在Shiny中上传多个文件,使用lapply处理文件,查找结果并返回下载 [英] Uploading multiple files in Shiny, process the files using lapply, rbind the results and return a download
问题描述
在我以前的发布后,我可以使用for
循环在Shiny中上传多个文件,处理文件,查找结果并返回CSV文件下载.感谢 @SBista 的贡献.但是,由于我必须一次上传很多文件(总大小约为50-100mb),因此我发现运行闪亮的应用程序的速度非常慢,这可能是由于for
循环所致.我知道lapply()
在读取多个csv文件中比for
更快>循环,但是在我的代码中应用lapply()
会在运行应用程序后出现错误(错误:无效的'description'参数).任何帮助将不胜感激.这是我的虚拟文件,这是我的代码:
In my previous post, I was able to upload multiple files in Shiny, process the files, rbind the results and return a csv file download, using a for
loop. Thanks for the contribution of @SBista. However, because I have to upload a lot of files at a time (total size of about 50 - 100mb), I found running the shiny app to be very slow perhaps due to the for
loop. I know that lapply()
is faster in reading multiple csv files than for
loop, but applying lapply()
in my code gives an error (ERROR: Invalid 'description' argument ) after running the app. Any help will be appreciated. This is my dummy file, and this is my code:
library(shiny)
ui <- fluidPage(
fluidPage(
titlePanel("MY CSV FILES MERGER"),
sidebarLayout(
sidebarPanel(
fileInput("file1",
"Choose CSV files from a directory",
multiple = TRUE,
accept=c('text/csv',
'text/comma-separated-values,text/plain',
'.csv')),
downloadButton('downloadData', 'Download')
),
mainPanel(
tableOutput('contents')
)
)
)
)
library(shiny)
library(dplyr)
options(shiny.maxRequestSize = 100*1024^2)

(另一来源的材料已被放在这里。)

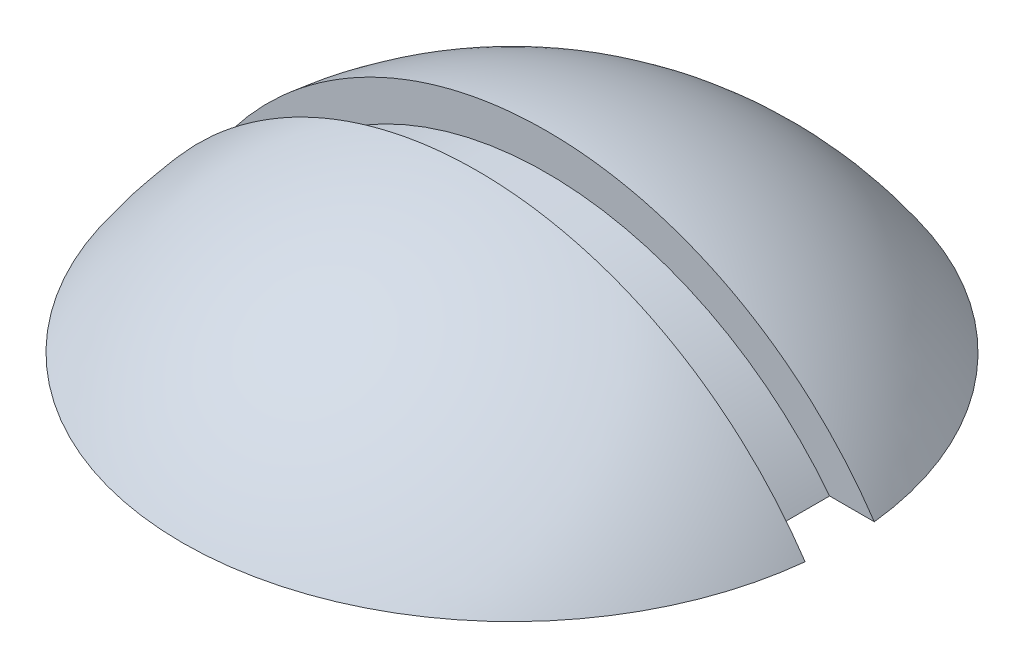
ISO-10303-21;
HEADER;
FILE_DESCRIPTION(('STEP AP214'),'2;1');
FILE_NAME('part.step','',(''),(''),'','','');
FILE_SCHEMA(('AUTOMOTIVE_DESIGN { 1 0 10303 214 1 1 1 1 }'));
ENDSEC;
DATA;
#1=APPLICATION_CONTEXT('core data for automotive mechanical design processes');
#2=APPLICATION_PROTOCOL_DEFINITION('international standard','automotive_design',2000,#1);
#3=PRODUCT_CONTEXT('',#1,'mechanical');
#4=PRODUCT('Part','Part','',(#3));
#5=PRODUCT_RELATED_PRODUCT_CATEGORY('part','',(#4));
#6=PRODUCT_DEFINITION_FORMATION('','',#4);
#7=PRODUCT_DEFINITION_CONTEXT('part definition',#1,'design');
#8=PRODUCT_DEFINITION('design','',#6,#7);
#9=PRODUCT_DEFINITION_SHAPE('','',#8);
#10=(LENGTH_UNIT() NAMED_UNIT(*) SI_UNIT(.MILLI.,.METRE.));
#11=(NAMED_UNIT(*) PLANE_ANGLE_UNIT() SI_UNIT($,.RADIAN.));
#12=(NAMED_UNIT(*) SI_UNIT($,.STERADIAN.) SOLID_ANGLE_UNIT());
#13=UNCERTAINTY_MEASURE_WITH_UNIT(LENGTH_MEASURE(1.E-05),#10,'distance_accuracy_value','');
#14=(GEOMETRIC_REPRESENTATION_CONTEXT(3) GLOBAL_UNCERTAINTY_ASSIGNED_CONTEXT((#13)) GLOBAL_UNIT_ASSIGNED_CONTEXT((#10,
#11,#12)) REPRESENTATION_CONTEXT('',''));
#15=CARTESIAN_POINT('',(0.,0.,0.));
#16=DIRECTION('',(0.,0.,1.));
#17=DIRECTION('',(1.,0.,0.));
#18=AXIS2_PLACEMENT_3D('',#15,#16,#17);
#19=CARTESIAN_POINT('',(57.1358871463461,44.4499999999999,-3.9897776749943E-13));
#20=DIRECTION('',(0.,1.,0.));
#21=DIRECTION('',(-1.,0.,0.));
#22=AXIS2_PLACEMENT_3D('',#19,#20,#21);
#23=PLANE('',#22);
#24=CARTESIAN_POINT('',(0.,44.4499999999999,0.));
#25=DIRECTION('',(0.,-1.,0.));
#26=DIRECTION('',(1.,0.,0.));
#27=AXIS2_PLACEMENT_3D('',#24,#25,#26);
#28=CIRCLE('',#27,35.56);
#29=CARTESIAN_POINT('',(35.56,44.4499999999999,0.));
#30=VERTEX_POINT('',#29);
#31=EDGE_CURVE('E127',#30,#30,#28,.T.);
#32=ORIENTED_EDGE('',*,*,#31,.F.);
#33=EDGE_LOOP('',(#32));
#34=FACE_BOUND('',#33,.T.);
#35=DIRECTION('',(0.,0.,-1.));
#36=VECTOR('',#35,1.);
#37=CARTESIAN_POINT('',(-57.1358871463462,44.45,6.9850000000004));
#38=LINE('',#37,#36);
#39=CARTESIAN_POINT('',(-57.1358871463462,44.45,6.9850000000004));
#40=VERTEX_POINT('',#39);
#41=CARTESIAN_POINT('',(-57.1358871463463,44.45,-6.9849999999996));
#42=VERTEX_POINT('',#41);
#43=EDGE_CURVE('E80',#40,#42,#38,.T.);
#44=ORIENTED_EDGE('',*,*,#43,.T.);
#45=DIRECTION('',(-1.,0.,0.));
#46=VECTOR('',#45,1.);
#47=CARTESIAN_POINT('',(-66.5266683368408,44.45,-6.98499999999954));
#48=LINE('',#47,#46);
#49=CARTESIAN_POINT('',(-66.1589553650904,44.45,-6.98499999999954));
#50=VERTEX_POINT('',#49);
#51=EDGE_CURVE('E84',#42,#50,#48,.T.);
#52=ORIENTED_EDGE('',*,*,#51,.T.);
#53=CARTESIAN_POINT('',(0.,44.4499999999999,0.));
#54=DIRECTION('',(0.,1.,0.));
#55=DIRECTION('',(1.,0.,0.));
#56=AXIS2_PLACEMENT_3D('',#53,#54,#55);
#57=CIRCLE('',#56,66.5266683368407);
#58=CARTESIAN_POINT('',(66.1589553650902,44.4499999999999,-6.98500000000046));
#59=VERTEX_POINT('',#58);
#60=EDGE_CURVE('E108',#59,#50,#57,.T.);
#61=ORIENTED_EDGE('',*,*,#60,.F.);
#62=DIRECTION('',(-1.,0.,0.));
#63=VECTOR('',#62,1.);
#64=CARTESIAN_POINT('',(66.5266683368406,44.4499999999999,-6.98500000000047));
#65=LINE('',#64,#63);
#66=CARTESIAN_POINT('',(57.1358871463462,44.4499999999999,-6.9850000000004));
#67=VERTEX_POINT('',#66);
#68=EDGE_CURVE('E99',#59,#67,#65,.T.);
#69=ORIENTED_EDGE('',*,*,#68,.T.);
#70=DIRECTION('',(0.,0.,-1.));
#71=VECTOR('',#70,1.);
#72=CARTESIAN_POINT('',(57.1358871463463,44.4499999999999,6.9849999999996));
#73=LINE('',#72,#71);
#74=CARTESIAN_POINT('',(57.1358871463463,44.4499999999999,6.9849999999996));
#75=VERTEX_POINT('',#74);
#76=EDGE_CURVE('E90',#75,#67,#73,.T.);
#77=ORIENTED_EDGE('',*,*,#76,.F.);
#78=DIRECTION('',(-1.,0.,0.));
#79=VECTOR('',#78,1.);
#80=CARTESIAN_POINT('',(66.5266683368407,44.4499999999999,6.98499999999954));
#81=LINE('',#80,#79);
#82=CARTESIAN_POINT('',(66.1589553650903,44.4499999999999,6.98499999999954));
#83=VERTEX_POINT('',#82);
#84=EDGE_CURVE('E111',#83,#75,#81,.T.);
#85=ORIENTED_EDGE('',*,*,#84,.F.);
#86=CARTESIAN_POINT('',(0.,44.4499999999999,0.));
#87=DIRECTION('',(0.,-1.,0.));
#88=DIRECTION('',(1.,0.,0.));
#89=AXIS2_PLACEMENT_3D('',#86,#87,#88);
#90=CIRCLE('',#89,66.5266683368407);
#91=CARTESIAN_POINT('',(-66.1589553650902,44.45,6.98500000000046));
#92=VERTEX_POINT('',#91);
#93=EDGE_CURVE('E50',#83,#92,#90,.T.);
#94=ORIENTED_EDGE('',*,*,#93,.T.);
#95=DIRECTION('',(-1.,0.,0.));
#96=VECTOR('',#95,1.);
#97=CARTESIAN_POINT('',(-66.5266683368406,44.45,6.98500000000047));
#98=LINE('',#97,#96);
#99=EDGE_CURVE('E57',#40,#92,#98,.T.);
#100=ORIENTED_EDGE('',*,*,#99,.F.);
#101=EDGE_LOOP('',(#44,#52,#61,#69,#77,#85,#94,#100));
#102=FACE_BOUND('',#101,.T.);
#103=ADVANCED_FACE('F41',(#34,#102),#23,.F.);
#104=CARTESIAN_POINT('',(0.,0.,0.));
#105=DIRECTION('',(0.,-1.,0.));
#106=DIRECTION('',(1.,0.,0.));
#107=AXIS2_PLACEMENT_3D('',#104,#105,#106);
#108=SPHERICAL_SURFACE('',#107,80.01);
#109=CARTESIAN_POINT('',(-1.47940054562111E-13,0.,-6.985));
#110=DIRECTION('',(0.,0.,1.));
#111=DIRECTION('',(1.,0.,0.));
#112=AXIS2_PLACEMENT_3D('',#109,#110,#111);
#113=CIRCLE('',#112,79.7045160263834);
#114=EDGE_CURVE('E11',#59,#50,#113,.T.);
#115=ORIENTED_EDGE('',*,*,#114,.F.);
#116=ORIENTED_EDGE('',*,*,#60,.T.);
#117=EDGE_LOOP('',(#115,#116));
#118=FACE_BOUND('',#117,.T.);
#119=ADVANCED_FACE('F135',(#118),#108,.T.);
#120=CARTESIAN_POINT('',(0.,0.,0.));
#121=DIRECTION('',(0.,-1.,0.));
#122=DIRECTION('',(1.,0.,0.));
#123=AXIS2_PLACEMENT_3D('',#120,#121,#122);
#124=SPHERICAL_SURFACE('',#123,80.01);
#125=CARTESIAN_POINT('',(0.,0.,6.985));
#126=DIRECTION('',(0.,0.,-1.));
#127=DIRECTION('',(-1.,0.,0.));
#128=AXIS2_PLACEMENT_3D('',#125,#126,#127);
#129=CIRCLE('',#128,79.7045160263834);
#130=EDGE_CURVE('E61',#92,#83,#129,.T.);
#131=ORIENTED_EDGE('',*,*,#130,.F.);
#132=ORIENTED_EDGE('',*,*,#93,.F.);
#133=EDGE_LOOP('',(#131,#132));
#134=FACE_BOUND('',#133,.T.);
#135=ADVANCED_FACE('F43',(#134),#124,.T.);
#136=CARTESIAN_POINT('',(0.,57.15,0.));
#137=DIRECTION('',(0.,-1.,0.));
#138=DIRECTION('',(1.,0.,0.));
#139=AXIS2_PLACEMENT_3D('',#136,#137,#138);
#140=CYLINDRICAL_SURFACE('',#139,35.56);
#141=CARTESIAN_POINT('',(0.,57.1499999999999,0.));
#142=DIRECTION('',(0.,-1.,0.));
#143=DIRECTION('',(1.,0.,0.));
#144=AXIS2_PLACEMENT_3D('',#141,#142,#143);
#145=CIRCLE('',#144,35.56);
#146=CARTESIAN_POINT('',(35.56,57.1499999999999,0.));
#147=VERTEX_POINT('',#146);
#148=EDGE_CURVE('E123',#147,#147,#145,.T.);
#149=ORIENTED_EDGE('',*,*,#148,.F.);
#150=EDGE_LOOP('',(#149));
#151=FACE_BOUND('',#150,.T.);
#152=ORIENTED_EDGE('',*,*,#31,.T.);
#153=EDGE_LOOP('',(#152));
#154=FACE_BOUND('',#153,.T.);
#155=ADVANCED_FACE('F134',(#151,#154),#140,.F.);
#156=CARTESIAN_POINT('',(0.,57.15,0.));
#157=DIRECTION('',(0.,1.,0.));
#158=DIRECTION('',(-1.,0.,0.));
#159=AXIS2_PLACEMENT_3D('',#156,#157,#158);
#160=PLANE('',#159);
#161=ORIENTED_EDGE('',*,*,#148,.T.);
#162=EDGE_LOOP('',(#161));
#163=FACE_BOUND('',#162,.T.);
#164=ADVANCED_FACE('F140',(#163),#160,.F.);
#165=CARTESIAN_POINT('',(0.,0.,6.985));
#166=DIRECTION('',(0.,0.,-1.));
#167=DIRECTION('',(-1.,0.,0.));
#168=AXIS2_PLACEMENT_3D('',#165,#166,#167);
#169=PLANE('',#168);
#170=ORIENTED_EDGE('',*,*,#130,.T.);
#171=ORIENTED_EDGE('',*,*,#84,.T.);
#172=CARTESIAN_POINT('',(0.,0.,6.985));
#173=DIRECTION('',(0.,0.,1.));
#174=DIRECTION('',(-1.,0.,0.));
#175=AXIS2_PLACEMENT_3D('',#172,#173,#174);
#176=CIRCLE('',#175,72.39);
#177=EDGE_CURVE('E114',#75,#40,#176,.T.);
#178=ORIENTED_EDGE('',*,*,#177,.T.);
#179=ORIENTED_EDGE('',*,*,#99,.T.);
#180=EDGE_LOOP('',(#170,#171,#178,#179));
#181=FACE_BOUND('',#180,.T.);
#182=ADVANCED_FACE('F153',(#181),#169,.T.);
#183=CARTESIAN_POINT('',(0.,0.,6.985));
#184=DIRECTION('',(0.,0.,-1.));
#185=DIRECTION('',(-1.,0.,0.));
#186=AXIS2_PLACEMENT_3D('',#183,#184,#185);
#187=CYLINDRICAL_SURFACE('',#186,72.39);
#188=ORIENTED_EDGE('',*,*,#76,.T.);
#189=CARTESIAN_POINT('',(-1.47940054562111E-13,0.,-6.985));
#190=DIRECTION('',(0.,0.,1.));
#191=DIRECTION('',(-1.,0.,0.));
#192=AXIS2_PLACEMENT_3D('',#189,#190,#191);
#193=CIRCLE('',#192,72.39);
#194=EDGE_CURVE('E93',#67,#42,#193,.T.);
#195=ORIENTED_EDGE('',*,*,#194,.T.);
#196=ORIENTED_EDGE('',*,*,#43,.F.);
#197=ORIENTED_EDGE('',*,*,#177,.F.);
#198=EDGE_LOOP('',(#188,#195,#196,#197));
#199=FACE_BOUND('',#198,.T.);
#200=ADVANCED_FACE('F94',(#199),#187,.T.);
#201=CARTESIAN_POINT('',(-1.47940054562111E-13,0.,-6.985));
#202=DIRECTION('',(0.,0.,1.));
#203=DIRECTION('',(-1.,0.,0.));
#204=AXIS2_PLACEMENT_3D('',#201,#202,#203);
#205=PLANE('',#204);
#206=ORIENTED_EDGE('',*,*,#114,.T.);
#207=ORIENTED_EDGE('',*,*,#51,.F.);
#208=ORIENTED_EDGE('',*,*,#194,.F.);
#209=ORIENTED_EDGE('',*,*,#68,.F.);
#210=EDGE_LOOP('',(#206,#207,#208,#209));
#211=FACE_BOUND('',#210,.T.);
#212=ADVANCED_FACE('F101',(#211),#205,.T.);
#213=CLOSED_SHELL('',(#103,#119,#135,#155,#164,#182,#200,#212));
#214=MANIFOLD_SOLID_BREP('B2',#213);
#215=ADVANCED_BREP_SHAPE_REPRESENTATION('',(#18,#214),#14);
#216=SHAPE_DEFINITION_REPRESENTATION(#9,#215);
ENDSEC;
END-ISO-10303-21;

server <- function(input, output) {
getData <- reactive({
inFile <- input$file1
if (is.null(inFile)){
return(NULL)
}else {
files3 = lapply(inFile, function(y){
JSON_csv = read.csv(y, header = TRUE)
lastrow = nrow(JSON_csv)
shift = function(x, n){
c(x[-(seq(n))], rep(NA, n))
}
JSON_csv$companyID1 = shift(JSON_csv$companyID1, 1)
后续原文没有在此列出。